# Cant keep temp at 70 Degrees, is that ok?



## StogieJim (Sep 18, 2010)

I live in Tampa, FL in a 3rd floor apartment. Top floor, I have a hell of a time keeping the humidor at 75 degrees, sometimes its 76-77... most of the time 74 or 75..

Just wondering if thats cool or not?

Ive got it at 65% RH...

Im just being paranoid i think


----------



## russ812 (Aug 14, 2010)

You could be asking for beetle trouble at that temp...do you freeze all your sticks before they go in your humi?


----------



## Surfer24 (Sep 28, 2010)

As long as the RH isn't varying too much you should be fine.
Cigars depend on RH which depends on temperature and your humidification should be correcting for the difference in RH.
And i don't think a fluctuation of +/-3 degrees is anything to worry about anyways.
Maybe if it was +/-30 degrees you would have trouble. :wink:


----------



## StogieJim (Sep 18, 2010)

Thanks for the responses, Im just worried about beetles...

No I dont freeze my sticks before I put them in the humi, this is my first humi and these are my first sticks that Im actually storing for more than a few days at a time.

How does the freezing work? Does it ruin the taste?

Im using heartfelt beads and the RH stays at a solid 65%... I just worry about beetles at 75 degrees as I have a couple nice Cubans in there that would SUCK if they were ruined...

Thanks again for the quick responses!!

Jim


----------



## Surfer24 (Sep 28, 2010)

StogieJim said:


> Thanks for the responses, Im just worried about beetles...


Forgot about the beetles :doh:


----------



## Hermit (Aug 5, 2008)

In over thirty years of cigar smoking I've never seen a live beetle.
I usually turn the A/C up to 75 when my wife's not home and
we've lost power for days at a time for various hurricanes.
I don't worry about it.


----------



## marked (Jul 29, 2010)

I live in AZ, and the temperature on my hygrometers doesn't get much below 80 degrees. If I order cigars from an online retailer, I freeze them for a couple of days, just in case. Otherwise, I don't worry about it. The temperature in Nicaragua and the DR right now is right about 80 degrees, and that's in the middle of the night. I'm thinking it should be fine.


----------



## d_day (Aug 24, 2008)

The beetle thing is often misunderstood. Beetles _will_ develop fully at any temperature above 62 degrees. At 62 and below their development is incomplete, but they can still cause damage. Only freezing them will kill them. Here's an interesting article about beetles.

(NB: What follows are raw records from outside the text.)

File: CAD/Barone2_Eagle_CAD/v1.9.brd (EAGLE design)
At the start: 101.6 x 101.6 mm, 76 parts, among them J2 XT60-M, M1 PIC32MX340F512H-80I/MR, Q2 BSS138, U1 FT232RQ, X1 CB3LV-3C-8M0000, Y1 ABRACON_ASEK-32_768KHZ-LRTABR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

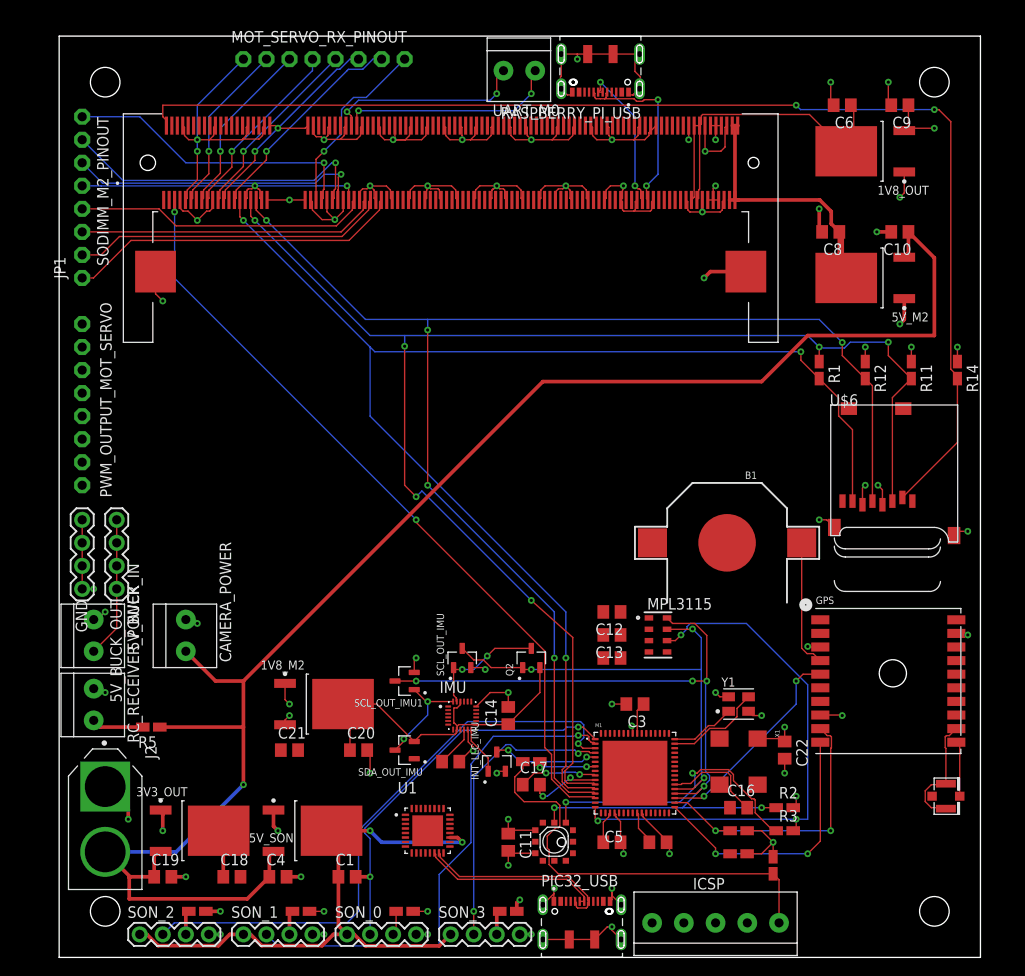
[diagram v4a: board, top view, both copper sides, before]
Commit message: Wiring diagram incomplete, 3.3V and GND via holes bug exists
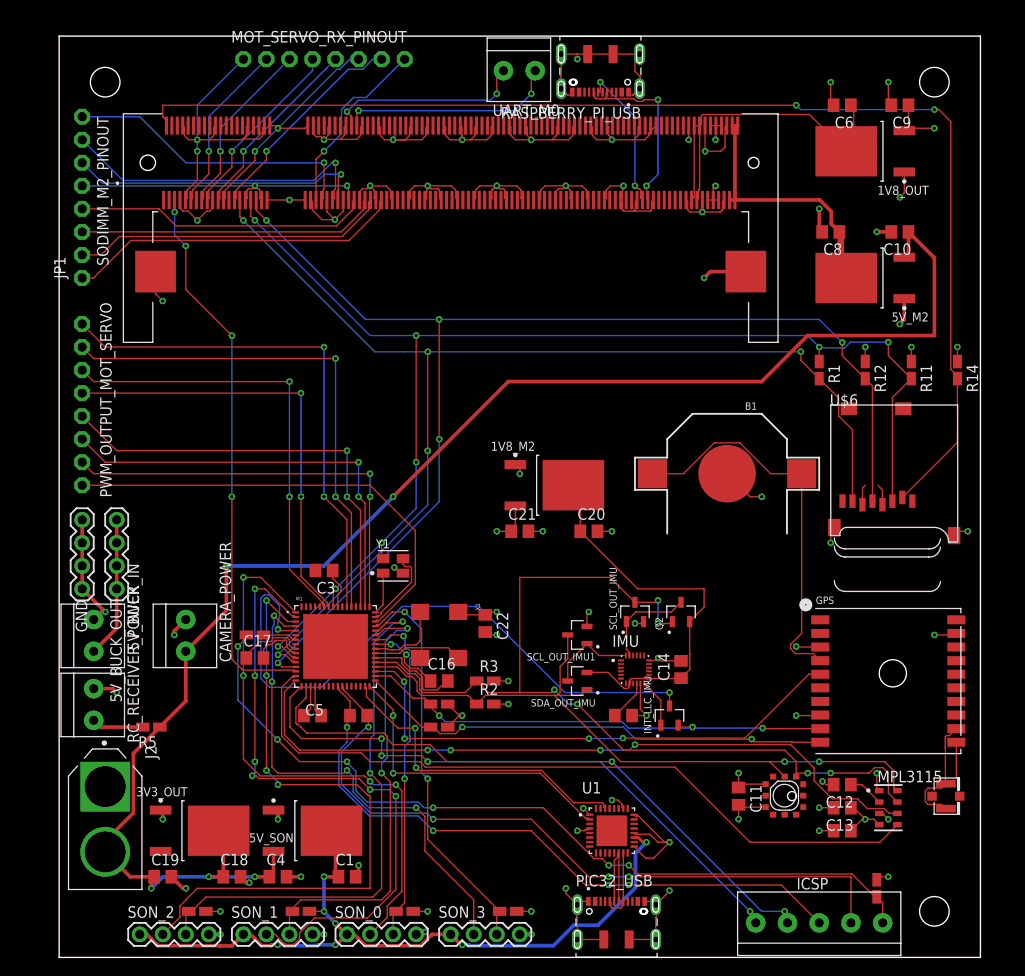
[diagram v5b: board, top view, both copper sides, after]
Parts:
- moved Y1 41.0 mm to (36.8, 43.2)
- moved C3 37.3 mm to (29.2, 42.7)
- moved R3 36.9 mm to (47.0, 30.5)
- moved C15 35.9 mm to (33.0, 26.7)
- moved C16 35.9 mm to (41.9, 30.5)
- moved R7 35.9 mm to (41.9, 27.9)
- moved R8 35.9 mm to (41.9, 25.4)
- moved X1 35.9 mm to (41.9, 35.6)
- moved C22 35.9 mm to (47.0, 36.8)
- moved C5 35.9 mm to (27.9, 26.7)
- moved M1 35.9 mm to (30.5, 34.3)
- moved 1V8_M2 35.0 mm to (54.6, 52.1)
- moved C20 35.0 mm to (58.4, 47.0)
- moved C21 35.0 mm to (50.8, 47.0)
- moved R2 34.9 mm to (47.0, 27.9)
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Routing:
- net INT2_MPL3115: track 0.00 -> 81.0 mm
- net VDD2_M1: track 5.77 -> 78.8 mm, vias 1 -> 4
- net PGED2_M1: track 0.00 -> 68.6 mm, vias 0 -> 2
- net VSS2_M1: track 3.79 -> 71.3 mm, vias 0 -> 4
- net PGEC2_M1: track 0.00 -> 66.8 mm, vias 0 -> 4
- net INT_IMU: track 11.7 -> 70.8 mm
- net ECHO_SON2: track 2.68 -> 60.4 mm, vias 0 -> 2
- net RD6_M1: track 0.00 -> 57.4 mm, vias 0 -> 2
- net RD5_M1: track 0.00 -> 56.6 mm, vias 0 -> 2
- net OC1_M1: track 0.00 -> 50.9 mm
- net RF1_M1: track 0.00 -> 49.8 mm, vias 0 -> 2
- net RF0_M1: track 0.00 -> 49.0 mm, vias 0 -> 2
- net OC4_M1: track 0.00 -> 48.6 mm, vias 0 -> 2
- net OC3_M1: track 0.00 -> 47.8 mm, vias 0 -> 2
- net ECHO_SON1: track 2.68 -> 49.7 mm, vias 0 -> 2
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- added copper zone on layer 15, net 3.3V
- added copper zone on layer 2, net GND

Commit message: Fixed some minor bugs in V1.9 board wiring
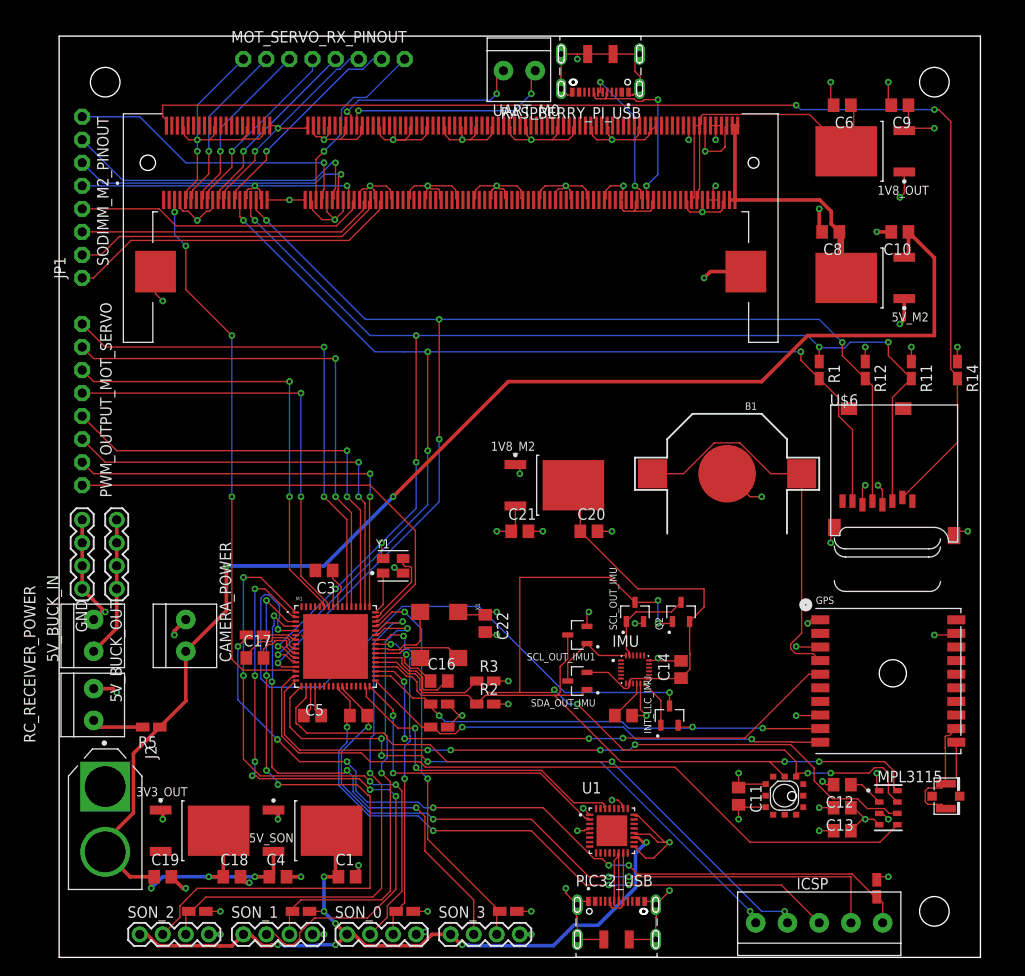
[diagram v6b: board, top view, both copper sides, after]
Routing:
- net EXP: track 0.00 -> 4.30 mm
- net N$1: track 0.00 -> 1.56 mm, vias 0 -> 1
- net GND: track 331.2 -> 331.8 mm
- net VSS: vias 0 -> 1
- net VDD: vias 0 -> 1
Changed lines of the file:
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@@
 <layer number="13" name="Route13" color="21" fill="1" visible="no" active="no"/>
 <layer number="14" name="Route14" color="22" fill="1" visible="no" active="no"/>
-<layer number="15" name="Route15" color="23" fill="1" visible="yes" active="yes"/>
+<layer number="15" name="Route15" color="23" fill="1" visible="no" active="yes"/>
 <layer number="16" name="Bottom" color="1" fill="1" visible="yes" active="yes"/>
 <layer number="17" name="Pads" color="2" fill="1" visible="yes" active="yes"/>
@@
 </element>
 <element name="5V_BUCK_IN" library="adafruit" library_urn="urn:adsk.eagle:library:420" package="1X2-3.5MM" package3d_urn="urn:adsk.eagle:package:6240635/1" value="1X2-3.5MM" x="3.81" y="35.56" smashed="yes" rot="R270">
-<attribute name="NAME" x="8.81" y="33.83" size="1.27" layer="25" rot="R90"/>
+<attribute name="NAME" x="-0.08" y="32.56" size="1.27" layer="25" rot="R90"/>
 </element>
 <element name="RC_RECEIVER_POWER" library="adafruit" library_urn="urn:adsk.eagle:library:420" package="1X2-3.5MM" package3d_urn="urn:adsk.eagle:package:6240635/1" value="1X2-3.5MM" x="3.81" y="27.94" smashed="yes" rot="R270">
-<attribute name="NAME" x="8.81" y="23.67" size="1.27" layer="25" rot="R90"/>
+<attribute name="NAME" x="-2.62" y="23.67" size="1.27" layer="25" rot="R90"/>
 </element>
 <element name="R5" library="adafruit" library_urn="urn:adsk.eagle:library:420" package="R0805W" package3d_urn="urn:adsk.eagle:package:6240567/1" value="47k" x="10.16" y="25.4" smashed="yes" rot="R180">
@@
 <contactref element="M1" pad="65"/>
 <contactref element="U1" pad="33"/>
-<wire x1="30.48" y1="34.29" x2="60.96" y2="13.97" width="0" layer="19" extent="1-1"/>
+<wire x1="30.48" y1="34.29" x2="27.9736" y2="34.29" width="0.1524" layer="1"/>
+<wire x1="27.9736" y1="34.29" x2="26.7036" y2="35.56" width="0.1524" layer="1"/>
+<wire x1="60.96" y1="13.97" x2="30.48" y2="34.29" width="0" layer="19" extent="1-1"/>
 </signal>
 <signal name="GND">
@@
 <wire x1="57.15" y1="99.62" x2="57.15" y2="99.06" width="0.1524" layer="1"/>
 <via x="57.15" y="99.06" extent="1-2" drill="0.35"/>
-<wire x1="55.37" y1="95.795" x2="56.0522" y2="95.1128" width="0.1524" layer="1"/>
-<wire x1="56.0522" y1="95.1128" x2="56.59" y2="95.1128" width="0.1524" layer="1"/>
 <wire x1="64.01" y1="95.795" x2="63.3278" y2="95.1128" width="0.1524" layer="1"/>
 <wire x1="63.3278" y1="95.1128" x2="63.2728875" y2="95.1128" width="0.1524" layer="1"/>
@@
 <wire x1="63.8336" y1="90.6353125" x2="63.3682875" y2="90.17" width="0.1524" layer="1"/>
 <wire x1="63.3682875" y1="90.17" x2="60.96" y2="90.17" width="0.1524" layer="1"/>
-<wire x1="65.83" y1="91.73" x2="65.0336" y2="90.9336" width="0.1524" layer="1"/>
+<wire x1="65.83" y1="91.73" x2="65.23" y2="91.13" width="0.1524" layer="1"/>
+<wire x1="65.155" y1="91.055" x2="65.0336" y2="90.9336" width="0.1524" layer="1"/>
 <wire x1="65.0336" y1="90.9336" x2="65.0336" y2="90.6353125" width="0.1524" layer="1"/>
 <wire x1="65.0336" y1="90.6353125" x2="64.5682875" y2="90.17" width="0.1524" layer="1"/>
@@
 <vertex x="-1.27" y="101.6"/>
 </polygon>
-<wire x1="65.83" y1="91.73" x2="65.23" y2="91.73" width="0" layer="19" extent="1-1"/>
-<wire x1="62.79" y1="95.42" x2="62.79" y2="95.1128" width="0" layer="19" extent="1-1"/>
+<wire x1="55.37" y1="95.795" x2="56.0522" y2="95.1128" width="0.1524" layer="1"/>
+<wire x1="56.0522" y1="95.1128" x2="56.59" y2="95.1128" width="0.1524" layer="1"/>
+<wire x1="65.23" y1="91.73" x2="65.23" y2="91.13" width="0.1524" layer="1"/>
+<wire x1="65.23" y1="91.13" x2="65.155" y2="91.055" width="0.1524" layer="1"/>
+<wire x1="62.79" y1="95.1128" x2="62.79" y2="95.42" width="0" layer="19" extent="1-1"/>
 <wire x1="56.59" y1="95.42" x2="56.59" y2="95.1128" width="0" layer="19" extent="1-1"/>
 <wire x1="39.81" y1="33.02" x2="46.99" y2="35.88" width="0" layer="19" extent="1-1"/>
@@
 <wire x1="18.4432" y1="38.2332" x2="13.97" y2="33.76" width="0.4064" layer="1"/>
 <wire x1="77.47" y1="63.5" x2="49.53" y2="63.5" width="0.4064" layer="1"/>
-<wire x1="10.48" y1="8.89" x2="11.194" y2="11.69" width="0" layer="19" extent="1-1"/>
+<wire x1="5.08" y1="11.64" x2="11.194" y2="11.69" width="0" layer="19" extent="1-1"/>
 </signal>
 <signal name="GND1">
@@
 <wire x1="90.79" y1="49.92" x2="90.79" y2="51.5768" width="0.1524" layer="1"/>
 <wire x1="90.79" y1="51.5768" x2="90.2968" y2="52.07" width="0.1524" layer="1"/>
+<via x="90.2968" y="52.07" extent="1-15" drill="0.35"/>
 </signal>
 <signal name="VSS">
@@
 <wire x1="88.59" y1="49.92" x2="88.59" y2="51.76" width="0.1524" layer="1"/>
 <wire x1="88.59" y1="51.76" x2="88.9" y2="52.07" width="0.1524" layer="1"/>
+<via x="88.9" y="52.07" extent="1-2" drill="0.35"/>
 </signal>
 <signal name="ECHO_SON2">
@@
 <signal name="N$1">
 <contactref element="GPS" pad="P$1"/>
+<wire x1="83.94" y1="37.23" x2="82.95" y2="37.23" width="0.1524" layer="1"/>
+<wire x1="82.95" y1="37.23" x2="82.55" y2="36.83" width="0.1524" layer="1"/>
+<via x="82.55" y="36.83" extent="1-15" drill="0.35"/>
 </signal>
 <signal name="N$6">

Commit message: Fixed GND and 3.3V via issues, currently validating DRC errors
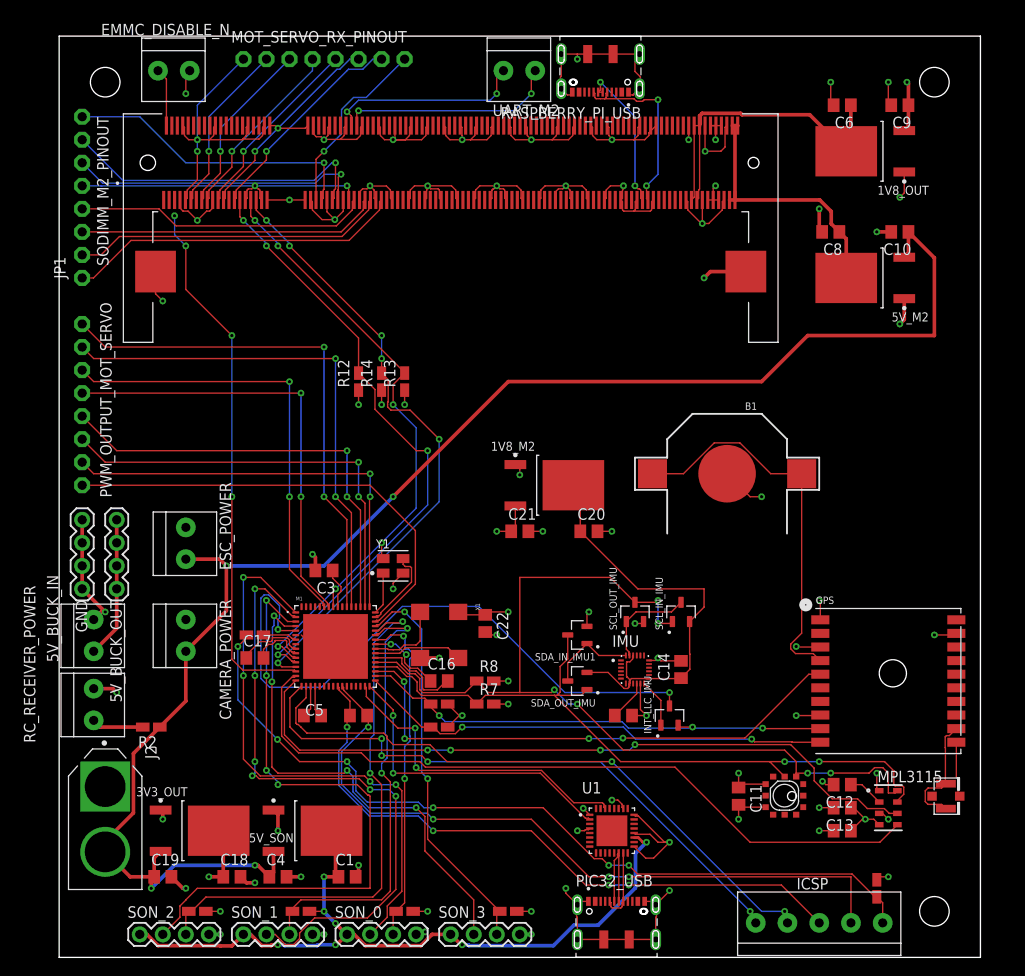
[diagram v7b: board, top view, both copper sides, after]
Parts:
- removed R15: 470, adafruit:R0805W
- removed R16: 10k, adafruit:R0805W
- removed U$6: MICROSD, adafruit:MICROSD
- added EMMC_DISABLE_N, ESC_POWER: 1X2-3.5MM, adafruit:1X2-3.5MM
- added R6: 10k, adafruit:R0805W
- R1: value 47k -> 470
- R11, R5: value 47k -> 10k
- R13: value 10k -> 47k
- R2: value 10k -> 680
- moved R1 68.7 mm to (21.6, 35.6), turned to 180 degrees
- moved R14 63.5 mm to (35.6, 63.5), turned to 90 degrees
- moved R13 59.5 mm to (38.1, 63.5), turned to 90 degrees
- moved R11 57.3 mm to (90.2, 7.62)
- moved R12 55.9 mm to (33.0, 63.5), turned to 90 degrees
- moved R2 36.9 mm to (10.2, 25.4), turned to 180 degrees
- moved R10 33.5 mm to (41.9, 25.4), turned to 0 degrees
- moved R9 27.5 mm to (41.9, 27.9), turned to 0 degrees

If you choose not to freeze, make sure your house is clean, all your foods are stored properly, and you keep your humidors closed. If you do that, you should only have to worry about beetles that were introduced to your cigars before you got them, and that doesn't happen often.


----------



## Bunker (Jul 20, 2010)

I am a freezer convert, I have never seen a beetle but saw enough pictures on the various boards to be convinced. I tried it on a few smokes first and could notice no difference when smoking them afterwards.

I think some guys go a little too far with it but whatever makes them feel better.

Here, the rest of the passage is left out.